Stored data:
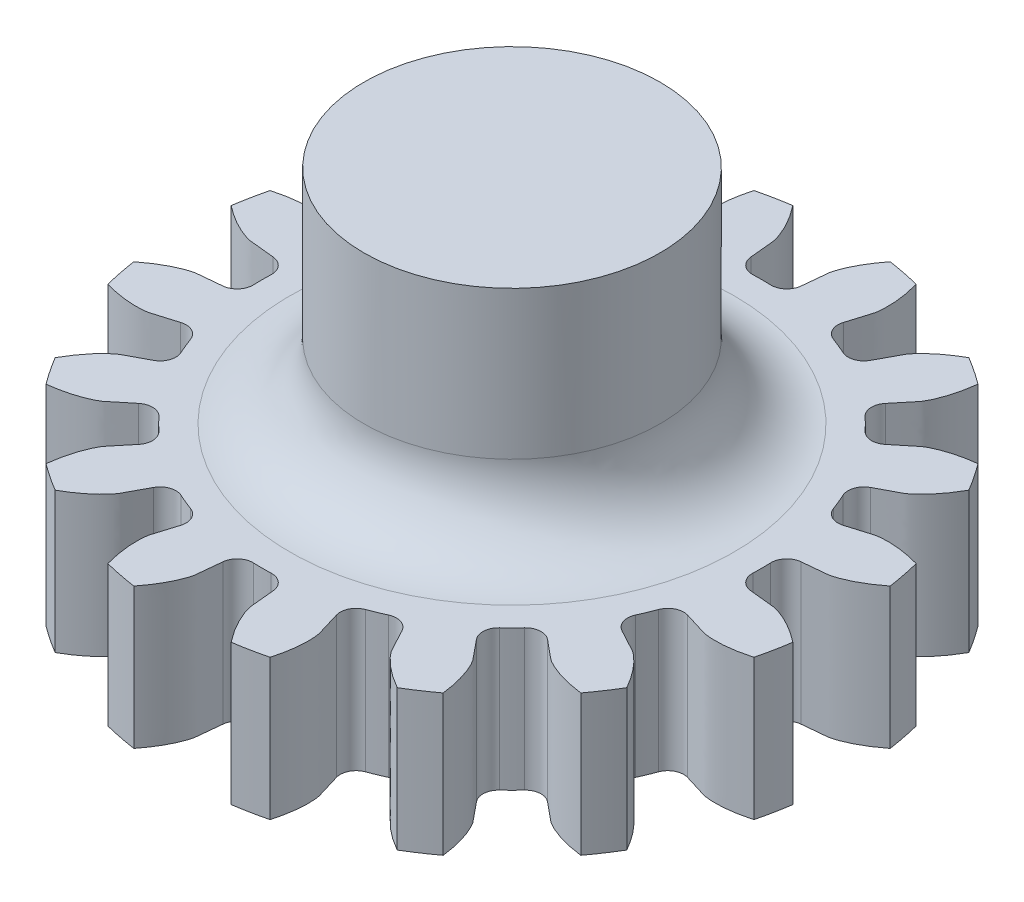
from build123d import *

# Parameters (mm, degrees)
BOSS_EXTRUDE1_DEPTH = 3.8
SKETCH2_R           = 4
SKETCH2_R_2         = 1.75
BOSS_EXTRUDE2_DEPTH = 6
SKETCH3_R           = 4
BOSS_EXTRUDE3_DEPTH = 0.5
FILLET1_R           = 2


with BuildPart() as part:
    # Sketch1 → Boss-Extrude1 (new body)
    with BuildSketch(Plane.XZ.offset(3.8)):
        with BuildLine():
            ThreePointArc((7.133082846, -0.678954432), (6.851906164, -0.535743116), (6.745782453, -0.238577227))
            ThreePointArc((6.745782453, -0.238577227), (6.75, 0), (6.745782453, 0.238577227))
            ThreePointArc((6.745782453, 0.238577227), (6.851906164, 0.535743116), (7.133082846, 0.678954432))
            add(Edge.make_bspline(
                [(7.133082846, 0.678954432), (7.461849238, 0.709527724), (7.794754735, 0.741167195), (7.825696338, 0.748530418), (7.879542254, 0.759899628), (7.943374812, 0.777921992), (8.02764967, 0.805704165), (8.127768783, 0.844604543), (8.243971957, 0.896481426), (8.374799322, 0.962966662), (8.519149122, 1.045576863), (8.675654626, 1.146099469), (8.805388157, 1.238124667), (8.882458095, 1.298015943), (8.903473518, 1.314594733)],
                knots=[0.061705529, 0.061705529, 0.061705529, 0.061705529, 0.215819371, 0.251310953, 0.297130332, 0.351344533, 0.412817651, 0.480778735, 0.55466022, 0.634021663, 0.718508369, 0.807826724, 0.901728446, 0.936889537, 0.936889537, 0.936889537, 0.936889537], degree=3))
            ThreePointArc((8.903473518, 1.314594733), (8.827067524, 1.755812898), (8.728810576, 2.192684638))
            add(Edge.make_bspline(
                [(6.849933857, 2.102440524), (7.16537429, 2.200007936), (7.485046767, 2.298174295), (7.516450864, 2.303212403), (7.570548812, 2.313314562), (7.636419266, 2.321091731), (7.724910859, 2.327674942), (7.832295389, 2.330049605), (7.959505547, 2.326590644), (8.10581707, 2.31523176), (8.270792451, 2.294150163), (8.453853019, 2.261171449), (8.608927691, 2.225798125), (8.703050429, 2.199959189), (8.728810576, 2.192684638)],
                knots=[0.061705529, 0.061705529, 0.061705529, 0.061705529, 0.215819371, 0.251310953, 0.297130332, 0.351344533, 0.412817651, 0.480778735, 0.55466022, 0.634021663, 0.718508369, 0.807826724, 0.901728446, 0.936889537, 0.936889537, 0.936889537, 0.936889537], degree=3))
            ThreePointArc((6.849933857, 2.102440524), (6.535355878, 2.127148869), (6.323589892, 2.361082566))
            ThreePointArc((6.323589892, 2.361082566), (6.236186844, 2.583113168), (6.140990787, 2.8019158))
            ThreePointArc((6.140990787, 2.8019158), (6.125315849, 3.117073069), (6.330284633, 3.35698473))
            add(Edge.make_bspline(
                [(6.330284633, 3.35698473), (6.62232528, 3.51104422), (6.917781954, 3.667672698), (6.943550485, 3.686316268), (6.988946816, 3.717425988), (7.04102355, 3.758504144), (7.108251588, 3.816422117), (7.185863058, 3.890675306), (7.273368368, 3.983072326), (7.368794295, 4.09456214), (7.470542565, 4.22612429), (7.576666462, 4.378887132), (7.661308097, 4.513554202), (7.709592036, 4.598379914), (7.722663327, 4.621738973)],
                knots=[0.061705529, 0.061705529, 0.061705529, 0.061705529, 0.215819371, 0.251310953, 0.297130332, 0.351344533, 0.412817651, 0.480778735, 0.55466022, 0.634021663, 0.718508369, 0.807826724, 0.901728446, 0.936889537, 0.936889537, 0.936889537, 0.936889537], degree=3))
            ThreePointArc((7.722663327, 4.621738973), (7.483226511, 5.000132097), (7.225265351, 5.36614765))
            add(Edge.make_bspline(
                [(5.523944534, 4.563757968), (5.778036061, 4.774612331), (6.03580828, 4.987639581), (6.062893882, 5.004312013), (6.109007941, 5.034347581), (6.166888111, 5.066740279), (6.246124397, 5.106686639), (6.344426022, 5.149974823), (6.46327657, 5.195460379), (6.602797649, 5.240957135), (6.763282604, 5.284613624), (6.945028924, 5.324199511), (7.101836025, 5.350863329), (7.198682228, 5.363010477), (7.225265351, 5.36614765)],
                knots=[0.061705529, 0.061705529, 0.061705529, 0.061705529, 0.215819371, 0.251310953, 0.297130332, 0.351344533, 0.412817651, 0.480778735, 0.55466022, 0.634021663, 0.718508369, 0.807826724, 0.901728446, 0.936889537, 0.936889537, 0.936889537, 0.936889537], degree=3))
            ThreePointArc((5.523944534, 4.563757968), (5.223856903, 4.466201722), (4.938688092, 4.601288942))
            ThreePointArc((4.938688092, 4.601288942), (4.772970773, 4.772970773), (4.601288942, 4.938688092))
            ThreePointArc((4.601288942, 4.938688092), (4.466201722, 5.223856903), (4.563757968, 5.523944534))
            add(Edge.make_bspline(
                [(4.563757968, 5.523944534), (4.774612331, 5.778036061), (4.987639581, 6.03580828), (5.004312013, 6.062893882), (5.034347581, 6.109007941), (5.066740279, 6.166888111), (5.106686639, 6.246124397), (5.149974823, 6.344426022), (5.195460379, 6.46327657), (5.240957135, 6.602797649), (5.284613624, 6.763282604), (5.324199511, 6.945028924), (5.350863329, 7.101836025), (5.363010477, 7.198682228), (5.36614765, 7.225265351)],
                knots=[0.061705529, 0.061705529, 0.061705529, 0.061705529, 0.215819371, 0.251310953, 0.297130332, 0.351344533, 0.412817651, 0.480778735, 0.55466022, 0.634021663, 0.718508369, 0.807826724, 0.901728446, 0.936889537, 0.936889537, 0.936889537, 0.936889537], degree=3))
            ThreePointArc((5.36614765, 7.225265351), (5.000132097, 7.483226511), (4.621738973, 7.722663327))
            add(Edge.make_bspline(
                [(3.35698473, 6.330284633), (3.51104422, 6.62232528), (3.667672698, 6.917781954), (3.686316268, 6.943550485), (3.717425988, 6.988946816), (3.758504144, 7.04102355), (3.816422117, 7.108251588), (3.890675306, 7.185863058), (3.983072326, 7.273368368), (4.09456214, 7.368794295), (4.22612429, 7.470542565), (4.378887132, 7.576666462), (4.513554202, 7.661308097), (4.598379914, 7.709592036), (4.621738973, 7.722663327)],
                knots=[0.061705529, 0.061705529, 0.061705529, 0.061705529, 0.215819371, 0.251310953, 0.297130332, 0.351344533, 0.412817651, 0.480778735, 0.55466022, 0.634021663, 0.718508369, 0.807826724, 0.901728446, 0.936889537, 0.936889537, 0.936889537, 0.936889537], degree=3))
            ThreePointArc((3.35698473, 6.330284633), (3.117073069, 6.125315849), (2.8019158, 6.140990787))
            ThreePointArc((2.8019158, 6.140990787), (2.583113168, 6.236186844), (2.361082566, 6.323589892))
            ThreePointArc((2.361082566, 6.323589892), (2.127148869, 6.535355878), (2.102440524, 6.849933857))
            add(Edge.make_bspline(
                [(2.102440524, 6.849933857), (2.200007936, 7.16537429), (2.298174295, 7.485046767), (2.303212403, 7.516450864), (2.313314562, 7.570548812), (2.321091731, 7.636419266), (2.327674942, 7.724910859), (2.330049605, 7.832295389), (2.326590644, 7.959505547), (2.31523176, 8.10581707), (2.294150163, 8.270792451), (2.261171449, 8.453853019), (2.225798125, 8.608927691), (2.199959189, 8.703050429), (2.192684638, 8.728810576)],
                knots=[0.061705529, 0.061705529, 0.061705529, 0.061705529, 0.215819371, 0.251310953, 0.297130332, 0.351344533, 0.412817651, 0.480778735, 0.55466022, 0.634021663, 0.718508369, 0.807826724, 0.901728446, 0.936889537, 0.936889537, 0.936889537, 0.936889537], degree=3))
            ThreePointArc((2.192684638, 8.728810576), (1.755812898, 8.827067524), (1.314594733, 8.903473518))
            add(Edge.make_bspline(
                [(0.678954432, 7.133082846), (0.709527724, 7.461849238), (0.741167195, 7.794754735), (0.748530418, 7.825696338), (0.759899628, 7.879542254), (0.777921992, 7.943374812), (0.805704165, 8.02764967), (0.844604543, 8.127768783), (0.896481426, 8.243971957), (0.962966662, 8.374799322), (1.045576863, 8.519149122), (1.146099469, 8.675654626), (1.238124667, 8.805388157), (1.298015943, 8.882458095), (1.314594733, 8.903473518)],
                knots=[0.061705529, 0.061705529, 0.061705529, 0.061705529, 0.215819371, 0.251310953, 0.297130332, 0.351344533, 0.412817651, 0.480778735, 0.55466022, 0.634021663, 0.718508369, 0.807826724, 0.901728446, 0.936889537, 0.936889537, 0.936889537, 0.936889537], degree=3))
            ThreePointArc((0.678954432, 7.133082846), (0.535743116, 6.851906164), (0.238577227, 6.745782453))
            ThreePointArc((0.238577227, 6.745782453), (0, 6.75), (-0.238577227, 6.745782453))
            ThreePointArc((-0.238577227, 6.745782453), (-0.535743116, 6.851906164), (-0.678954432, 7.133082846))
            add(Edge.make_bspline(
                [(-0.678954432, 7.133082846), (-0.709527724, 7.461849238), (-0.741167195, 7.794754735), (-0.748530418, 7.825696338), (-0.759899628, 7.879542254), (-0.777921992, 7.943374812), (-0.805704165, 8.02764967), (-0.844604543, 8.127768783), (-0.896481426, 8.243971957), (-0.962966662, 8.374799322), (-1.045576863, 8.519149122), (-1.146099469, 8.675654626), (-1.238124667, 8.805388157), (-1.298015943, 8.882458095), (-1.314594733, 8.903473518)],
                knots=[0.061705529, 0.061705529, 0.061705529, 0.061705529, 0.215819371, 0.251310953, 0.297130332, 0.351344533, 0.412817651, 0.480778735, 0.55466022, 0.634021663, 0.718508369, 0.807826724, 0.901728446, 0.936889537, 0.936889537, 0.936889537, 0.936889537], degree=3))
            ThreePointArc((-1.314594733, 8.903473518), (-1.755812898, 8.827067524), (-2.192684638, 8.728810576))
            add(Edge.make_bspline(
                [(-2.102440524, 6.849933857), (-2.200007936, 7.16537429), (-2.298174295, 7.485046767), (-2.303212403, 7.516450864), (-2.313314562, 7.570548812), (-2.321091731, 7.636419266), (-2.327674942, 7.724910859), (-2.330049605, 7.832295389), (-2.326590644, 7.959505547), (-2.31523176, 8.10581707), (-2.294150163, 8.270792451), (-2.261171449, 8.453853019), (-2.225798125, 8.608927691), (-2.199959189, 8.703050429), (-2.192684638, 8.728810576)],
                knots=[0.061705529, 0.061705529, 0.061705529, 0.061705529, 0.215819371, 0.251310953, 0.297130332, 0.351344533, 0.412817651, 0.480778735, 0.55466022, 0.634021663, 0.718508369, 0.807826724, 0.901728446, 0.936889537, 0.936889537, 0.936889537, 0.936889537], degree=3))
            ThreePointArc((-2.102440524, 6.849933857), (-2.127148869, 6.535355878), (-2.361082566, 6.323589892))
            ThreePointArc((-2.361082566, 6.323589892), (-2.583113168, 6.236186844), (-2.8019158, 6.140990787))
            ThreePointArc((-2.8019158, 6.140990787), (-3.117073069, 6.125315849), (-3.35698473, 6.330284633))
            add(Edge.make_bspline(
                [(-3.35698473, 6.330284633), (-3.51104422, 6.62232528), (-3.667672698, 6.917781954), (-3.686316268, 6.943550485), (-3.717425988, 6.988946816), (-3.758504144, 7.04102355), (-3.816422117, 7.108251588), (-3.890675306, 7.185863058), (-3.983072326, 7.273368368), (-4.09456214, 7.368794295), (-4.22612429, 7.470542565), (-4.378887132, 7.576666462), (-4.513554202, 7.661308097), (-4.598379914, 7.709592036), (-4.621738973, 7.722663327)],
                knots=[0.061705529, 0.061705529, 0.061705529, 0.061705529, 0.215819371, 0.251310953, 0.297130332, 0.351344533, 0.412817651, 0.480778735, 0.55466022, 0.634021663, 0.718508369, 0.807826724, 0.901728446, 0.936889537, 0.936889537, 0.936889537, 0.936889537], degree=3))
            ThreePointArc((-4.621738973, 7.722663327), (-5.000132097, 7.483226511), (-5.36614765, 7.225265351))
            add(Edge.make_bspline(
                [(-4.563757968, 5.523944534), (-4.774612331, 5.778036061), (-4.987639581, 6.03580828), (-5.004312013, 6.062893882), (-5.034347581, 6.109007941), (-5.066740279, 6.166888111), (-5.106686639, 6.246124397), (-5.149974823, 6.344426022), (-5.195460379, 6.46327657), (-5.240957135, 6.602797649), (-5.284613624, 6.763282604), (-5.324199511, 6.945028924), (-5.350863329, 7.101836025), (-5.363010477, 7.198682228), (-5.36614765, 7.225265351)],
                knots=[0.061705529, 0.061705529, 0.061705529, 0.061705529, 0.215819371, 0.251310953, 0.297130332, 0.351344533, 0.412817651, 0.480778735, 0.55466022, 0.634021663, 0.718508369, 0.807826724, 0.901728446, 0.936889537, 0.936889537, 0.936889537, 0.936889537], degree=3))
            ThreePointArc((-4.563757968, 5.523944534), (-4.466201722, 5.223856903), (-4.601288942, 4.938688092))
            ThreePointArc((-4.601288942, 4.938688092), (-4.772970773, 4.772970773), (-4.938688092, 4.601288942))
            ThreePointArc((-4.938688092, 4.601288942), (-5.223856903, 4.466201722), (-5.523944534, 4.563757968))
            add(Edge.make_bspline(
                [(-5.523944534, 4.563757968), (-5.778036061, 4.774612331), (-6.03580828, 4.987639581), (-6.062893882, 5.004312013), (-6.109007941, 5.034347581), (-6.166888111, 5.066740279), (-6.246124397, 5.106686639), (-6.344426022, 5.149974823), (-6.46327657, 5.195460379), (-6.602797649, 5.240957135), (-6.763282604, 5.284613624), (-6.945028924, 5.324199511), (-7.101836025, 5.350863329), (-7.198682228, 5.363010477), (-7.225265351, 5.36614765)],
                knots=[0.061705529, 0.061705529, 0.061705529, 0.061705529, 0.215819371, 0.251310953, 0.297130332, 0.351344533, 0.412817651, 0.480778735, 0.55466022, 0.634021663, 0.718508369, 0.807826724, 0.901728446, 0.936889537, 0.936889537, 0.936889537, 0.936889537], degree=3))
            ThreePointArc((-7.225265351, 5.36614765), (-7.483226511, 5.000132097), (-7.722663327, 4.621738973))
            add(Edge.make_bspline(
                [(-6.330284633, 3.35698473), (-6.62232528, 3.51104422), (-6.917781954, 3.667672698), (-6.943550485, 3.686316268), (-6.988946816, 3.717425988), (-7.04102355, 3.758504144), (-7.108251588, 3.816422117), (-7.185863058, 3.890675306), (-7.273368368, 3.983072326), (-7.368794295, 4.09456214), (-7.470542565, 4.22612429), (-7.576666462, 4.378887132), (-7.661308097, 4.513554202), (-7.709592036, 4.598379914), (-7.722663327, 4.621738973)],
                knots=[0.061705529, 0.061705529, 0.061705529, 0.061705529, 0.215819371, 0.251310953, 0.297130332, 0.351344533, 0.412817651, 0.480778735, 0.55466022, 0.634021663, 0.718508369, 0.807826724, 0.901728446, 0.936889537, 0.936889537, 0.936889537, 0.936889537], degree=3))
            ThreePointArc((-6.330284633, 3.35698473), (-6.125315849, 3.117073069), (-6.140990787, 2.8019158))
            ThreePointArc((-6.140990787, 2.8019158), (-6.236186844, 2.583113168), (-6.323589892, 2.361082566))
            ThreePointArc((-6.323589892, 2.361082566), (-6.535355878, 2.127148869), (-6.849933857, 2.102440524))
            add(Edge.make_bspline(
                [(-6.849933857, 2.102440524), (-7.16537429, 2.200007936), (-7.485046767, 2.298174295), (-7.516450864, 2.303212403), (-7.570548812, 2.313314562), (-7.636419266, 2.321091731), (-7.724910859, 2.327674942), (-7.832295389, 2.330049605), (-7.959505547, 2.326590644), (-8.10581707, 2.31523176), (-8.270792451, 2.294150163), (-8.453853019, 2.261171449), (-8.608927691, 2.225798125), (-8.703050429, 2.199959189), (-8.728810576, 2.192684638)],
                knots=[0.061705529, 0.061705529, 0.061705529, 0.061705529, 0.215819371, 0.251310953, 0.297130332, 0.351344533, 0.412817651, 0.480778735, 0.55466022, 0.634021663, 0.718508369, 0.807826724, 0.901728446, 0.936889537, 0.936889537, 0.936889537, 0.936889537], degree=3))
            ThreePointArc((-8.728810576, 2.192684638), (-8.827067524, 1.755812898), (-8.903473518, 1.314594733))
            add(Edge.make_bspline(
                [(-7.133082846, 0.678954432), (-7.461849238, 0.709527724), (-7.794754735, 0.741167195), (-7.825696338, 0.748530418), (-7.879542254, 0.759899628), (-7.943374812, 0.777921992), (-8.02764967, 0.805704165), (-8.127768783, 0.844604543), (-8.243971957, 0.896481426), (-8.374799322, 0.962966662), (-8.519149122, 1.045576863), (-8.675654626, 1.146099469), (-8.805388157, 1.238124667), (-8.882458095, 1.298015943), (-8.903473518, 1.314594733)],
                knots=[0.061705529, 0.061705529, 0.061705529, 0.061705529, 0.215819371, 0.251310953, 0.297130332, 0.351344533, 0.412817651, 0.480778735, 0.55466022, 0.634021663, 0.718508369, 0.807826724, 0.901728446, 0.936889537, 0.936889537, 0.936889537, 0.936889537], degree=3))
            ThreePointArc((-7.133082846, 0.678954432), (-6.851906164, 0.535743116), (-6.745782453, 0.238577227))
            ThreePointArc((-6.745782453, 0.238577227), (-6.75, 0), (-6.745782453, -0.238577227))
            ThreePointArc((-6.745782453, -0.238577227), (-6.851906164, -0.535743116), (-7.133082846, -0.678954432))
            add(Edge.make_bspline(
                [(-7.133082846, -0.678954432), (-7.461849238, -0.709527724), (-7.794754735, -0.741167195), (-7.825696338, -0.748530418), (-7.879542254, -0.759899628), (-7.943374812, -0.777921992), (-8.02764967, -0.805704165), (-8.127768783, -0.844604543), (-8.243971957, -0.896481426), (-8.374799322, -0.962966662), (-8.519149122, -1.045576863), (-8.675654626, -1.146099469), (-8.805388157, -1.238124667), (-8.882458095, -1.298015943), (-8.903473518, -1.314594733)],
                knots=[0.061705529, 0.061705529, 0.061705529, 0.061705529, 0.215819371, 0.251310953, 0.297130332, 0.351344533, 0.412817651, 0.480778735, 0.55466022, 0.634021663, 0.718508369, 0.807826724, 0.901728446, 0.936889537, 0.936889537, 0.936889537, 0.936889537], degree=3))
            ThreePointArc((-8.903473518, -1.314594733), (-8.827067524, -1.755812898), (-8.728810576, -2.192684638))
            add(Edge.make_bspline(
                [(-6.849933857, -2.102440524), (-7.16537429, -2.200007936), (-7.485046767, -2.298174295), (-7.516450864, -2.303212403), (-7.570548812, -2.313314562), (-7.636419266, -2.321091731), (-7.724910859, -2.327674942), (-7.832295389, -2.330049605), (-7.959505547, -2.326590644), (-8.10581707, -2.31523176), (-8.270792451, -2.294150163), (-8.453853019, -2.261171449), (-8.608927691, -2.225798125), (-8.703050429, -2.199959189), (-8.728810576, -2.192684638)],
                knots=[0.061705529, 0.061705529, 0.061705529, 0.061705529, 0.215819371, 0.251310953, 0.297130332, 0.351344533, 0.412817651, 0.480778735, 0.55466022, 0.634021663, 0.718508369, 0.807826724, 0.901728446, 0.936889537, 0.936889537, 0.936889537, 0.936889537], degree=3))
            ThreePointArc((-6.849933857, -2.102440524), (-6.535355878, -2.127148869), (-6.323589892, -2.361082566))
            ThreePointArc((-6.323589892, -2.361082566), (-6.236186844, -2.583113168), (-6.140990787, -2.8019158))
            ThreePointArc((-6.140990787, -2.8019158), (-6.125315849, -3.117073069), (-6.330284633, -3.35698473))
            add(Edge.make_bspline(
                [(-6.330284633, -3.35698473), (-6.62232528, -3.51104422), (-6.917781954, -3.667672698), (-6.943550485, -3.686316268), (-6.988946816, -3.717425988), (-7.04102355, -3.758504144), (-7.108251588, -3.816422117), (-7.185863058, -3.890675306), (-7.273368368, -3.983072326), (-7.368794295, -4.09456214), (-7.470542565, -4.22612429), (-7.576666462, -4.378887132), (-7.661308097, -4.513554202), (-7.709592036, -4.598379914), (-7.722663327, -4.621738973)],
                knots=[0.061705529, 0.061705529, 0.061705529, 0.061705529, 0.215819371, 0.251310953, 0.297130332, 0.351344533, 0.412817651, 0.480778735, 0.55466022, 0.634021663, 0.718508369, 0.807826724, 0.901728446, 0.936889537, 0.936889537, 0.936889537, 0.936889537], degree=3))
            ThreePointArc((-7.722663327, -4.621738973), (-7.483226511, -5.000132097), (-7.225265351, -5.36614765))
            add(Edge.make_bspline(
                [(-5.523944534, -4.563757968), (-5.778036061, -4.774612331), (-6.03580828, -4.987639581), (-6.062893882, -5.004312013), (-6.109007941, -5.034347581), (-6.166888111, -5.066740279), (-6.246124397, -5.106686639), (-6.344426022, -5.149974823), (-6.46327657, -5.195460379), (-6.602797649, -5.240957135), (-6.763282604, -5.284613624), (-6.945028924, -5.324199511), (-7.101836025, -5.350863329), (-7.198682228, -5.363010477), (-7.225265351, -5.36614765)],
                knots=[0.061705529, 0.061705529, 0.061705529, 0.061705529, 0.215819371, 0.251310953, 0.297130332, 0.351344533, 0.412817651, 0.480778735, 0.55466022, 0.634021663, 0.718508369, 0.807826724, 0.901728446, 0.936889537, 0.936889537, 0.936889537, 0.936889537], degree=3))
            ThreePointArc((-5.523944534, -4.563757968), (-5.223856903, -4.466201722), (-4.938688092, -4.601288942))
            ThreePointArc((-4.938688092, -4.601288942), (-4.772970773, -4.772970773), (-4.601288942, -4.938688092))
            ThreePointArc((-4.601288942, -4.938688092), (-4.466201722, -5.223856903), (-4.563757968, -5.523944534))
            add(Edge.make_bspline(
                [(-4.563757968, -5.523944534), (-4.774612331, -5.778036061), (-4.987639581, -6.03580828), (-5.004312013, -6.062893882), (-5.034347581, -6.109007941), (-5.066740279, -6.166888111), (-5.106686639, -6.246124397), (-5.149974823, -6.344426022), (-5.195460379, -6.46327657), (-5.240957135, -6.602797649), (-5.284613624, -6.763282604), (-5.324199511, -6.945028924), (-5.350863329, -7.101836025), (-5.363010477, -7.198682228), (-5.36614765, -7.225265351)],
                knots=[0.061705529, 0.061705529, 0.061705529, 0.061705529, 0.215819371, 0.251310953, 0.297130332, 0.351344533, 0.412817651, 0.480778735, 0.55466022, 0.634021663, 0.718508369, 0.807826724, 0.901728446, 0.936889537, 0.936889537, 0.936889537, 0.936889537], degree=3))
            ThreePointArc((-5.36614765, -7.225265351), (-5.000132097, -7.483226511), (-4.621738973, -7.722663327))
            add(Edge.make_bspline(
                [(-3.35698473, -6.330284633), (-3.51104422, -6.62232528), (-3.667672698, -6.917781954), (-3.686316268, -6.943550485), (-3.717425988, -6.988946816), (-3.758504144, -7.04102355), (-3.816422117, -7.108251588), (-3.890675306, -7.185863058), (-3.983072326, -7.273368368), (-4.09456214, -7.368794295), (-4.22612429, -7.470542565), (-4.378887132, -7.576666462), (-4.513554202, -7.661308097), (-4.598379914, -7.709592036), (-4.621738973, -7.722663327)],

* EXERCISE DETAILS
The exercise is to copy out every line above that has the word "with" in it.

* REPLY TO THE EXERCISE
with BuildPart() as part:
    with BuildSketch(Plane.XZ.offset(3.8)):
        with BuildLine():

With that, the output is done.